What are the causes of climate change?

The main driver of climate is the sun. For example, uneven heating of the earth's surface (stronger at the equator) is one of the main causes of winds and ocean currents, and periods of increased solar activity are accompanied by warming and magnetic storms.
In addition, climate is affected by changes in the Earth's orbit, its magnetic field, the size of continents and oceans, and volcanic eruptions. All of these are natural causes of climate change. Until recently, they, and only they, determined climate change, including the beginning and end of long-term climatic cycles such as ice ages. Solar and volcanic activity can explain half of the temperature changes before 1950 (solar activity leads to an increase in temperature, and volcanic activity leads to a decrease).
Recently, one more factor has been added to natural factors - anthropogenic, i.e. caused by human activity. The main anthropogenic impact is the increase in the greenhouse effect, the impact of which on climate change in the last two centuries is 8 times higher than the impact of changes in solar activity.

What is the greenhouse effect?

The greenhouse effect is the delay by the Earth's atmosphere of the planet's thermal radiation. The greenhouse effect was observed by any of us: in greenhouses or greenhouses the temperature is always higher than outside. The same is observed in the scale globe: solar energy, passing through the atmosphere, heats the surface of the Earth, but the thermal energy radiated by the Earth cannot escape back into space, since the Earth's atmosphere delays it, acting like polyethylene in a greenhouse: it transmits short light waves from the Sun to the Earth and delays long thermal ( or infrared) waves emitted by the Earth's surface. There is a greenhouse effect. The greenhouse effect occurs due to the presence of gases in the Earth's atmosphere that have the ability to delay long waves. They are called "greenhouse" or "greenhouse" gases.
Greenhouse gases have been present in the atmosphere in small amounts (about 0.1%) since its formation. This amount was enough to maintain the Earth's heat balance at a level suitable for life due to the greenhouse effect. This is the so-called natural greenhouse effect, if it were not for it, the average temperature of the Earth's surface would be 30 ° C not +14°C, as it is now, but -17°C.
The natural greenhouse effect does not threaten either the Earth or humanity, since the total amount of greenhouse gases was maintained at the same level due to the cycle of nature, moreover, we owe our lives to it.

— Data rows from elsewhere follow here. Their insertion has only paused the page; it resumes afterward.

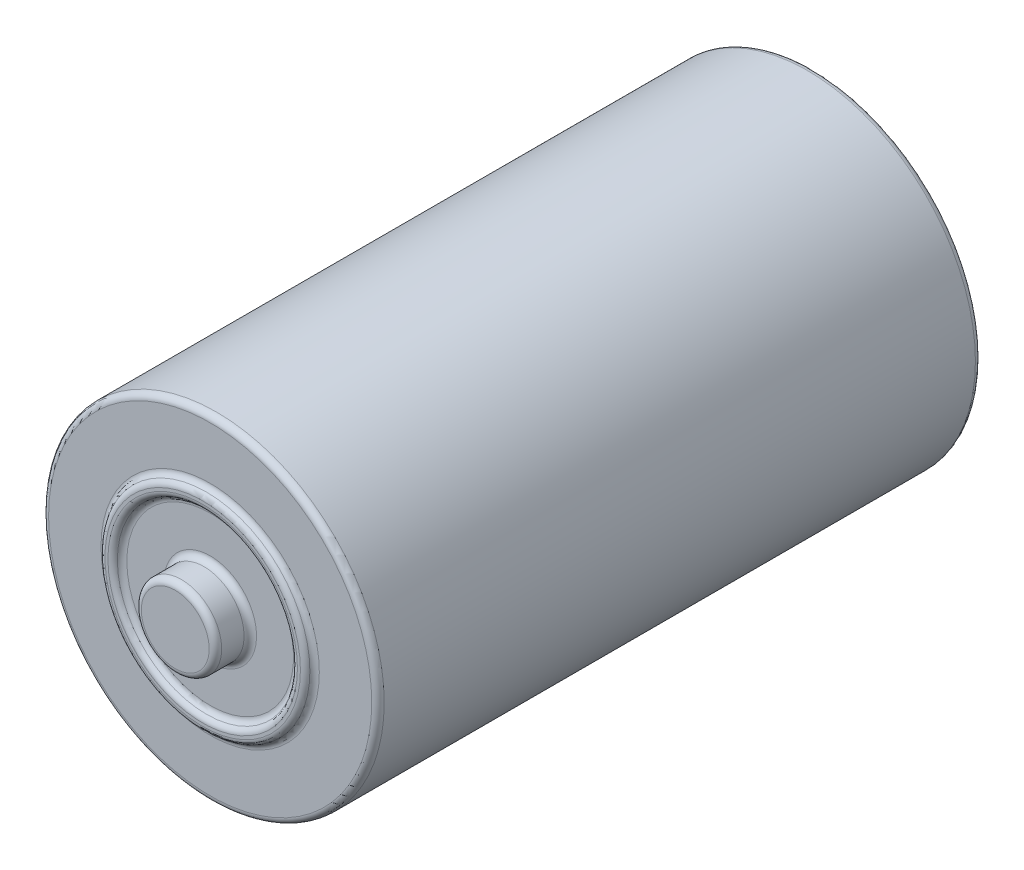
ISO-10303-21;
HEADER;
FILE_DESCRIPTION(('STEP AP214'),'2;1');
FILE_NAME('part.step','',(''),(''),'','','');
FILE_SCHEMA(('AUTOMOTIVE_DESIGN { 1 0 10303 214 1 1 1 1 }'));
ENDSEC;
DATA;
#1=APPLICATION_CONTEXT('core data for automotive mechanical design processes');
#2=APPLICATION_PROTOCOL_DEFINITION('international standard','automotive_design',2000,#1);
#3=PRODUCT_CONTEXT('',#1,'mechanical');
#4=PRODUCT('Part','Part','',(#3));
#5=PRODUCT_RELATED_PRODUCT_CATEGORY('part','',(#4));
#6=PRODUCT_DEFINITION_FORMATION('','',#4);
#7=PRODUCT_DEFINITION_CONTEXT('part definition',#1,'design');
#8=PRODUCT_DEFINITION('design','',#6,#7);
#9=PRODUCT_DEFINITION_SHAPE('','',#8);
#10=(LENGTH_UNIT() NAMED_UNIT(*) SI_UNIT(.MILLI.,.METRE.));
#11=(NAMED_UNIT(*) PLANE_ANGLE_UNIT() SI_UNIT($,.RADIAN.));
#12=(NAMED_UNIT(*) SI_UNIT($,.STERADIAN.) SOLID_ANGLE_UNIT());
#13=UNCERTAINTY_MEASURE_WITH_UNIT(LENGTH_MEASURE(1.E-05),#10,'distance_accuracy_value','');
#14=(GEOMETRIC_REPRESENTATION_CONTEXT(3) GLOBAL_UNCERTAINTY_ASSIGNED_CONTEXT((#13)) GLOBAL_UNIT_ASSIGNED_CONTEXT((#10,
#11,#12)) REPRESENTATION_CONTEXT('',''));
#15=CARTESIAN_POINT('',(0.,0.,0.));
#16=DIRECTION('',(0.,0.,1.));
#17=DIRECTION('',(1.,0.,0.));
#18=AXIS2_PLACEMENT_3D('',#15,#16,#17);
#19=CARTESIAN_POINT('',(0.,0.,-61.4934));
#20=DIRECTION('',(0.,0.,1.));
#21=DIRECTION('',(1.,0.,0.));
#22=AXIS2_PLACEMENT_3D('',#19,#20,#21);
#23=PLANE('',#22);
#24=CARTESIAN_POINT('',(0.,0.,-61.4934));
#25=DIRECTION('',(0.,0.,1.));
#26=DIRECTION('',(1.,0.,0.));
#27=AXIS2_PLACEMENT_3D('',#24,#25,#26);
#28=CIRCLE('',#27,3.91602577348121);
#29=CARTESIAN_POINT('',(3.91602577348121,0.,-61.4934));
#30=VERTEX_POINT('',#29);
#31=EDGE_CURVE('E43',#30,#30,#28,.F.);
#32=ORIENTED_EDGE('',*,*,#31,.T.);
#33=EDGE_LOOP('',(#32));
#34=FACE_BOUND('',#33,.T.);
#35=CARTESIAN_POINT('',(0.,0.,-61.4934));
#36=DIRECTION('',(0.,0.,1.));
#37=DIRECTION('',(1.,0.,0.));
#38=AXIS2_PLACEMENT_3D('',#35,#36,#37);
#39=CIRCLE('',#38,3.81);
#40=CARTESIAN_POINT('',(3.81,0.,-61.4934));
#41=VERTEX_POINT('',#40);
#42=EDGE_CURVE('E102',#41,#41,#39,.F.);
#43=ORIENTED_EDGE('',*,*,#42,.F.);
#44=EDGE_LOOP('',(#43));
#45=FACE_BOUND('',#44,.T.);
#46=ADVANCED_FACE('F28',(#34,#45),#23,.F.);
#47=CARTESIAN_POINT('',(0.,0.,-61.4934));
#48=DIRECTION('',(0.,0.,1.));
#49=DIRECTION('',(1.,0.,0.));
#50=AXIS2_PLACEMENT_3D('',#47,#48,#49);
#51=CIRCLE('',#50,10.0539742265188);
#52=CARTESIAN_POINT('',(10.0539742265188,0.,-61.4934));
#53=VERTEX_POINT('',#52);
#54=EDGE_CURVE('E10',#53,#53,#51,.T.);
#55=ORIENTED_EDGE('',*,*,#54,.T.);
#56=EDGE_LOOP('',(#55));
#57=FACE_BOUND('',#56,.T.);
#58=CARTESIAN_POINT('',(0.,0.,-61.4934));
#59=DIRECTION('',(0.,0.,1.));
#60=DIRECTION('',(1.,0.,0.));
#61=AXIS2_PLACEMENT_3D('',#58,#59,#60);
#62=CIRCLE('',#61,16.4592);
#63=CARTESIAN_POINT('',(16.4592,0.,-61.4934));
#64=VERTEX_POINT('',#63);
#65=EDGE_CURVE('E54',#64,#64,#62,.F.);
#66=ORIENTED_EDGE('',*,*,#65,.T.);
#67=EDGE_LOOP('',(#66));
#68=FACE_BOUND('',#67,.T.);
#69=ADVANCED_FACE('F109',(#57,#68),#23,.F.);
#70=CARTESIAN_POINT('',(0.,17.0942,0.));
#71=DIRECTION('',(0.,0.,-1.));
#72=DIRECTION('',(-1.,0.,0.));
#73=AXIS2_PLACEMENT_3D('',#70,#71,#72);
#74=PLANE('',#73);
#75=CARTESIAN_POINT('',(0.,0.,0.));
#76=DIRECTION('',(0.,0.,-1.));
#77=DIRECTION('',(-1.,0.,0.));
#78=AXIS2_PLACEMENT_3D('',#75,#76,#77);
#79=CIRCLE('',#78,8.48802577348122);
#80=CARTESIAN_POINT('',(-8.48802577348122,0.,0.));
#81=VERTEX_POINT('',#80);
#82=EDGE_CURVE('E69',#81,#81,#79,.F.);
#83=ORIENTED_EDGE('',*,*,#82,.T.);
#84=EDGE_LOOP('',(#83));
#85=FACE_BOUND('',#84,.T.);
#86=CARTESIAN_POINT('',(0.,0.,0.));
#87=DIRECTION('',(0.,0.,-1.));
#88=DIRECTION('',(-1.,0.,0.));
#89=AXIS2_PLACEMENT_3D('',#86,#87,#88);
#90=CIRCLE('',#89,4.7244);
#91=CARTESIAN_POINT('',(-4.7244,0.,0.));
#92=VERTEX_POINT('',#91);
#93=EDGE_CURVE('E81',#92,#92,#90,.T.);
#94=ORIENTED_EDGE('',*,*,#93,.T.);
#95=EDGE_LOOP('',(#94));
#96=FACE_BOUND('',#95,.T.);
#97=ADVANCED_FACE('F30',(#85,#96),#74,.F.);
#98=CARTESIAN_POINT('',(0.,0.,0.));
#99=DIRECTION('',(0.,0.,-1.));
#100=DIRECTION('',(-1.,0.,0.));
#101=AXIS2_PLACEMENT_3D('',#98,#99,#100);
#102=CIRCLE('',#101,11.1207742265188);
#103=CARTESIAN_POINT('',(-11.1207742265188,0.,0.));
#104=VERTEX_POINT('',#103);
#105=EDGE_CURVE('E72',#104,#104,#102,.T.);
#106=ORIENTED_EDGE('',*,*,#105,.T.);
#107=EDGE_LOOP('',(#106));
#108=FACE_BOUND('',#107,.T.);
#109=CARTESIAN_POINT('',(0.,0.,0.));
#110=DIRECTION('',(0.,0.,-1.));
#111=DIRECTION('',(-1.,0.,0.));
#112=AXIS2_PLACEMENT_3D('',#109,#110,#111);
#113=CIRCLE('',#112,16.4592);
#114=CARTESIAN_POINT('',(-16.4592,0.,0.));
#115=VERTEX_POINT('',#114);
#116=EDGE_CURVE('E99',#115,#115,#113,.F.);
#117=ORIENTED_EDGE('',*,*,#116,.T.);
#118=EDGE_LOOP('',(#117));
#119=FACE_BOUND('',#118,.T.);
#120=ADVANCED_FACE('F119',(#108,#119),#74,.F.);
#121=CARTESIAN_POINT('',(0.,0.,20.));
#122=DIRECTION('',(0.,0.,1.));
#123=DIRECTION('',(1.,0.,0.));
#124=AXIS2_PLACEMENT_3D('',#121,#122,#123);
#125=CYLINDRICAL_SURFACE('',#124,17.0942);
#126=CARTESIAN_POINT('',(0.,0.,-60.8584));
#127=DIRECTION('',(0.,0.,1.));
#128=DIRECTION('',(1.,0.,0.));
#129=AXIS2_PLACEMENT_3D('',#126,#127,#128);
#130=CIRCLE('',#129,17.0942);
#131=CARTESIAN_POINT('',(17.0942,0.,-60.8584));
#132=VERTEX_POINT('',#131);
#133=EDGE_CURVE('E57',#132,#132,#130,.T.);
#134=ORIENTED_EDGE('',*,*,#133,.T.);
#135=EDGE_LOOP('',(#134));
#136=FACE_BOUND('',#135,.T.);
#137=CARTESIAN_POINT('',(0.,0.,-0.635000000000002));
#138=DIRECTION('',(0.,0.,-1.));
#139=DIRECTION('',(-1.,0.,0.));
#140=AXIS2_PLACEMENT_3D('',#137,#138,#139);
#141=CIRCLE('',#140,17.0942);
#142=CARTESIAN_POINT('',(-17.0942,0.,-0.635000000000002));
#143=VERTEX_POINT('',#142);
#144=EDGE_CURVE('E96',#143,#143,#141,.T.);
#145=ORIENTED_EDGE('',*,*,#144,.T.);
#146=EDGE_LOOP('',(#145));
#147=FACE_BOUND('',#146,.T.);
#148=ADVANCED_FACE('F115',(#136,#147),#125,.T.);
#149=CARTESIAN_POINT('',(0.,0.,0.762));
#150=DIRECTION('',(0.,0.,1.));
#151=DIRECTION('',(1.,0.,0.));
#152=AXIS2_PLACEMENT_3D('',#149,#150,#151);
#153=PLANE('',#152);
#154=CARTESIAN_POINT('',(0.,0.,0.762));
#155=DIRECTION('',(0.,0.,1.));
#156=DIRECTION('',(1.,0.,0.));
#157=AXIS2_PLACEMENT_3D('',#154,#155,#156);
#158=CIRCLE('',#157,9.9568);
#159=CARTESIAN_POINT('',(9.9568,0.,0.762));
#160=VERTEX_POINT('',#159);
#161=EDGE_CURVE('E90',#160,#160,#158,.T.);
#162=ORIENTED_EDGE('',*,*,#161,.T.);
#163=EDGE_LOOP('',(#162));
#164=FACE_BOUND('',#163,.T.);
#165=CARTESIAN_POINT('',(0.,0.,0.762));
#166=DIRECTION('',(0.,0.,1.));
#167=DIRECTION('',(1.,0.,0.));
#168=AXIS2_PLACEMENT_3D('',#165,#166,#167);
#169=CIRCLE('',#168,9.652);
#170=CARTESIAN_POINT('',(9.652,0.,0.762));
#171=VERTEX_POINT('',#170);
#172=EDGE_CURVE('E93',#171,#171,#169,.F.);
#173=ORIENTED_EDGE('',*,*,#172,.T.);
#174=EDGE_LOOP('',(#173));
#175=FACE_BOUND('',#174,.T.);
#176=ADVANCED_FACE('F118',(#164,#175),#153,.T.);
#177=CARTESIAN_POINT('',(0.,0.,3.556));
#178=DIRECTION('',(0.,0.,-1.));
#179=DIRECTION('',(-1.,0.,0.));
#180=AXIS2_PLACEMENT_3D('',#177,#178,#179);
#181=CYLINDRICAL_SURFACE('',#180,4.0894);
#182=CARTESIAN_POINT('',(0.,0.,0.634999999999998));
#183=DIRECTION('',(0.,0.,-1.));
#184=DIRECTION('',(-1.,0.,0.));
#185=AXIS2_PLACEMENT_3D('',#182,#183,#184);
#186=CIRCLE('',#185,4.0894);
#187=CARTESIAN_POINT('',(-4.0894,0.,0.634999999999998));
#188=VERTEX_POINT('',#187);
#189=EDGE_CURVE('E84',#188,#188,#186,.F.);
#190=ORIENTED_EDGE('',*,*,#189,.T.);
#191=EDGE_LOOP('',(#190));
#192=FACE_BOUND('',#191,.T.);
#193=CARTESIAN_POINT('',(0.,0.,2.921));
#194=DIRECTION('',(0.,0.,1.));
#195=DIRECTION('',(1.,0.,0.));
#196=AXIS2_PLACEMENT_3D('',#193,#194,#195);
#197=CIRCLE('',#196,4.0894);
#198=CARTESIAN_POINT('',(4.0894,0.,2.921));
#199=VERTEX_POINT('',#198);
#200=EDGE_CURVE('E87',#199,#199,#197,.F.);
#201=ORIENTED_EDGE('',*,*,#200,.T.);
#202=EDGE_LOOP('',(#201));
#203=FACE_BOUND('',#202,.T.);
#204=ADVANCED_FACE('F123',(#192,#203),#181,.T.);
#205=CARTESIAN_POINT('',(0.,0.,3.556));
#206=DIRECTION('',(0.,0.,1.));
#207=DIRECTION('',(1.,0.,0.));
#208=AXIS2_PLACEMENT_3D('',#205,#206,#207);
#209=PLANE('',#208);
#210=CARTESIAN_POINT('',(0.,0.,3.556));
#211=DIRECTION('',(0.,0.,1.));
#212=DIRECTION('',(1.,0.,0.));
#213=AXIS2_PLACEMENT_3D('',#210,#211,#212);
#214=CIRCLE('',#213,3.4544);
#215=CARTESIAN_POINT('',(3.4544,0.,3.556));
#216=VERTEX_POINT('',#215);
#217=EDGE_CURVE('E78',#216,#216,#214,.T.);
#218=ORIENTED_EDGE('',*,*,#217,.T.);
#219=EDGE_LOOP('',(#218));
#220=FACE_BOUND('',#219,.T.);
#221=ADVANCED_FACE('F125',(#220),#209,.T.);
#222=CARTESIAN_POINT('',(0.,0.,-62.2554));
#223=DIRECTION('',(0.,0.,-1.));
#224=DIRECTION('',(-1.,0.,0.));
#225=AXIS2_PLACEMENT_3D('',#222,#223,#224);
#226=PLANE('',#225);
#227=CARTESIAN_POINT('',(0.,0.,-62.2554));
#228=DIRECTION('',(0.,0.,-1.));
#229=DIRECTION('',(-1.,0.,0.));
#230=AXIS2_PLACEMENT_3D('',#227,#228,#229);
#231=CIRCLE('',#230,8.89);
#232=CARTESIAN_POINT('',(-8.89,0.,-62.2554));
#233=VERTEX_POINT('',#232);
#234=EDGE_CURVE('E48',#233,#233,#231,.T.);
#235=ORIENTED_EDGE('',*,*,#234,.T.);
#236=EDGE_LOOP('',(#235));
#237=FACE_BOUND('',#236,.T.);
#238=CARTESIAN_POINT('',(0.,0.,-62.2554));
#239=DIRECTION('',(0.,0.,-1.));
#240=DIRECTION('',(-1.,0.,0.));
#241=AXIS2_PLACEMENT_3D('',#238,#239,#240);
#242=CIRCLE('',#241,5.08);
#243=CARTESIAN_POINT('',(-5.08,0.,-62.2554));
#244=VERTEX_POINT('',#243);
#245=EDGE_CURVE('E51',#244,#244,#242,.F.);
#246=ORIENTED_EDGE('',*,*,#245,.T.);
#247=EDGE_LOOP('',(#246));
#248=FACE_BOUND('',#247,.T.);
#249=ADVANCED_FACE('F129',(#237,#248),#226,.T.);
#250=CARTESIAN_POINT('',(0.,0.,-62.2554));
#251=DIRECTION('',(0.,0.,1.));
#252=DIRECTION('',(1.,0.,0.));
#253=AXIS2_PLACEMENT_3D('',#250,#251,#252);
#254=CYLINDRICAL_SURFACE('',#253,3.81);
#255=CARTESIAN_POINT('',(0.,0.,-61.6204));
#256=DIRECTION('',(0.,0.,-1.));
#257=DIRECTION('',(-1.,0.,0.));
#258=AXIS2_PLACEMENT_3D('',#255,#256,#257);
#259=CIRCLE('',#258,3.81);
#260=CARTESIAN_POINT('',(-3.81,0.,-61.6204));
#261=VERTEX_POINT('',#260);
#262=EDGE_CURVE('E60',#261,#261,#259,.F.);
#263=ORIENTED_EDGE('',*,*,#262,.T.);
#264=EDGE_LOOP('',(#263));
#265=FACE_BOUND('',#264,.T.);
#266=ORIENTED_EDGE('',*,*,#42,.T.);
#267=EDGE_LOOP('',(#266));
#268=FACE_BOUND('',#267,.T.);
#269=ADVANCED_FACE('F106',(#265,#268),#254,.T.);
#270=CARTESIAN_POINT('',(0.,0.,-62.2554));
#271=DIRECTION('',(0.,0.,-1.));
#272=DIRECTION('',(-1.,0.,0.));
#273=AXIS2_PLACEMENT_3D('',#270,#271,#272);
#274=PLANE('',#273);
#275=CARTESIAN_POINT('',(0.,0.,-62.2554));
#276=DIRECTION('',(0.,0.,-1.));
#277=DIRECTION('',(-1.,0.,0.));
#278=AXIS2_PLACEMENT_3D('',#275,#276,#277);
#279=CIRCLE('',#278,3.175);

But an increase in the concentration of greenhouse gases in the atmosphere leads to an increase in the greenhouse effect and a violation of the heat balance of the Earth. This is exactly what happened in the last two centuries of the development of civilization. Coal-fired power plants, car exhausts, factory chimneys and other man-made sources of pollution emit about 22 billion tons of greenhouse gases per year into the atmosphere.

Climatic changes in Russia in the XX century. generally in line with global trends. For example, the 1990s also turned out to be the hottest for a very long time. and the beginning of the 21st century, especially in Western and Central Siberia.
An interesting forecast of climatic changes expected in the territory of the former USSR until the middle of the 21st century was published by A. A. Velichko. You can get acquainted with this forecast, prepared by the laboratory of evolutionary geography of the Institute of Geography of the Russian Academy of Sciences, using the maps of the consequences of global warming and the levels of destabilization of geosystems on the territory of the former USSR compiled by the same laboratory.

Other forecasts have also been published. According to them, climate warming will generally have a favorable effect on the North of Russia, where living conditions will change for the better. However, the movement of the southern border of permafrost to the north will simultaneously create a number of problems, since it can lead to the destruction of buildings, roads, pipelines built taking into account the current distribution of frozen soils. In the southern regions of the country, the situation will be more complicated. For example, dry steppes may become even more arid. And this is not to mention the flooding of many port cities and coastal lowlands.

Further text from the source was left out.